Every day in Chicago’s growing technology hub brings a new set of fun challenges. As head of Kavi Labs, I truly enjoy working with different industries and functions, advising on the best way to solve their business problems with AI applications. Healthcare remains a passion and priority of mine. I have a great team (proudly 50 percent female!) that is deep into emerging tech research, using partnerships with several research institutes and universities to build intelligent clinical applications to deliver better care. After submitting five grant proposals, we were finally awarded seed funding to build out a novel clinical application to recognize pain during fetal surgery from 4D ultrasounds, using computer vision.

Of course, I was fortunate to have many advisors who coached, encouraged, and pushed me to get where I am today. I also learned from those I admired from afar, like Sirimavo Bandaranaike, the leader of the Sri Lanka Freedom Party and the first female in the world to be elected a head of government. Having female advisors and role models is important for the development of future female leaders. Women have been found to be more empathetic and flexible and to have stronger interpersonal skills than their male counterparts, resulting in a more inclusive, open, consensus-building, and collaborative leadership style. Inspiring and motivating team members in a nurturing way can help individuals to self-actualize and reach their full potential. I myself am a servant leader, in the sense that I live to support the team, breaking down obstacles and enabling them to focus on what they do best.

To pass on a few kernels of wisdom that I found enlightening along my journey thus far:

  1. Trust and motivate yourself.
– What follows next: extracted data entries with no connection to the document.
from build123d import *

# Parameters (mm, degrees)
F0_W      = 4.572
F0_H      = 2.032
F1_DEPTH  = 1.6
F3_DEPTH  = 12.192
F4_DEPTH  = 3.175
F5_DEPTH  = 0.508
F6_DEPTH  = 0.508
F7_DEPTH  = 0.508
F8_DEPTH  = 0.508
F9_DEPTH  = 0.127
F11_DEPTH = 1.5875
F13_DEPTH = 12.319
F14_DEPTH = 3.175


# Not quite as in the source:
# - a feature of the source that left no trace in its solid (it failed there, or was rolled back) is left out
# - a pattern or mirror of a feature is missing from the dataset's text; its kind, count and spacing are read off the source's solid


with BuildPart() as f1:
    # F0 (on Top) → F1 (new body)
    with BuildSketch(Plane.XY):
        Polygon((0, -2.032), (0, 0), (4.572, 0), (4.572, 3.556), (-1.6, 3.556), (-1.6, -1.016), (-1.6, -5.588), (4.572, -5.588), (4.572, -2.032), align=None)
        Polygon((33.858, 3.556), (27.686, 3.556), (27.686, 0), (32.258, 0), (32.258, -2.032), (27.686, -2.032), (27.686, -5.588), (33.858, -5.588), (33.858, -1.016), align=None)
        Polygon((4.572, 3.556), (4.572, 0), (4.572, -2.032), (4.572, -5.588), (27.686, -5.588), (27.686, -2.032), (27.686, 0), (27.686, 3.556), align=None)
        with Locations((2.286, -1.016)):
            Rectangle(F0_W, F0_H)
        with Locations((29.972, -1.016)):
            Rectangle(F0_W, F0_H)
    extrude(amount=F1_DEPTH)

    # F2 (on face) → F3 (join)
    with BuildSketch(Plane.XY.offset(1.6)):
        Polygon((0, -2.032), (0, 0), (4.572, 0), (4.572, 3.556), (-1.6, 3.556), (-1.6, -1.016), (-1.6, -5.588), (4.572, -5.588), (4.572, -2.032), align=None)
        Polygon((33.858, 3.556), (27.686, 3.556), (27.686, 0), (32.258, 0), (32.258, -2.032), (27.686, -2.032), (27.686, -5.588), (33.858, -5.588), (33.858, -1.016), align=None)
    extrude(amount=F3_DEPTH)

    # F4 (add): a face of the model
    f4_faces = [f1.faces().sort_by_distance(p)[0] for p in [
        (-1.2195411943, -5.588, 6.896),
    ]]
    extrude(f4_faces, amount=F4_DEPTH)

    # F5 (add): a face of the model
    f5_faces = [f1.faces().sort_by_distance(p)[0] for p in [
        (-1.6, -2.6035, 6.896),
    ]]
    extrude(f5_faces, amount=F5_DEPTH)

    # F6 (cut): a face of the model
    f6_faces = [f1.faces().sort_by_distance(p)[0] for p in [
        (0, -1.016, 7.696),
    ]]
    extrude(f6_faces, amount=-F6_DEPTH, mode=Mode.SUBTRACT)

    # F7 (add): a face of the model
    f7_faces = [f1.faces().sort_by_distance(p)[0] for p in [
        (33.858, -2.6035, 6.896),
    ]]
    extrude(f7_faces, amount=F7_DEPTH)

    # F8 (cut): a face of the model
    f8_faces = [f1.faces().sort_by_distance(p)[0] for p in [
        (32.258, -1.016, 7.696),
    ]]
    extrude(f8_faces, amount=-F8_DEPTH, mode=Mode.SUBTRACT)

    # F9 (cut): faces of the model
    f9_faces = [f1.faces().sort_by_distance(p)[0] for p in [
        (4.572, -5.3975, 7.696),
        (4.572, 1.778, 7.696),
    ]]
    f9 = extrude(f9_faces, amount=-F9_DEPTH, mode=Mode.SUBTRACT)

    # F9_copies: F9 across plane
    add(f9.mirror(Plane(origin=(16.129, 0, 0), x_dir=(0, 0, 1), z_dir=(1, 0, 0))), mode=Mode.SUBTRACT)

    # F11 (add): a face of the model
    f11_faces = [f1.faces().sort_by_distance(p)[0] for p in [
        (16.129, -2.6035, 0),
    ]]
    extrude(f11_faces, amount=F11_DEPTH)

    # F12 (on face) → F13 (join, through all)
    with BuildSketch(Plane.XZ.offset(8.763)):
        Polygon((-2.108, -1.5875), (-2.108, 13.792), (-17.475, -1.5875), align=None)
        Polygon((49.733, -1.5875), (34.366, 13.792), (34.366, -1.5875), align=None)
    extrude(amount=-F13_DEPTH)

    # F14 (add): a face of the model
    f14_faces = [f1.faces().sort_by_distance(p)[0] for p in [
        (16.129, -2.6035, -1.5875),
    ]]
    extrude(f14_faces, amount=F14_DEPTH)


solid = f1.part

Don’t be afraid to go into computer science or make other seemingly intimidating decisions. When times are tough, remember this quote from the author Mary Ann Radmacher and remain persistent toward your goals: “Courage doesn’t always roar. Sometimes courage is the little voice at the end of the day that says I’ll try again tomorrow.”
  2. Do not be afraid to knock on doors along the way. Many would be happy to help you. Be bold and confident to ask for the opportunities you want and humble enough to ask for the support you need; you might be surprised what you receive.
  3. Continue to pursue your other passions. Multidisciplinary is the new name of the game. Computer science, psychology, AI, and healthcare, in my case. Find the passion that ignites you from within and use that to fuel you toward your purpose.

All that I have learned and accomplished thus far would not have been possible if I did not say “YES!” to computer science! You, too, can become a female leader in tech and pave the way for others to change the world. Commit yourself wholeheartedly to continuous education and take initiative to become your best self through a variety of hands-on experiences.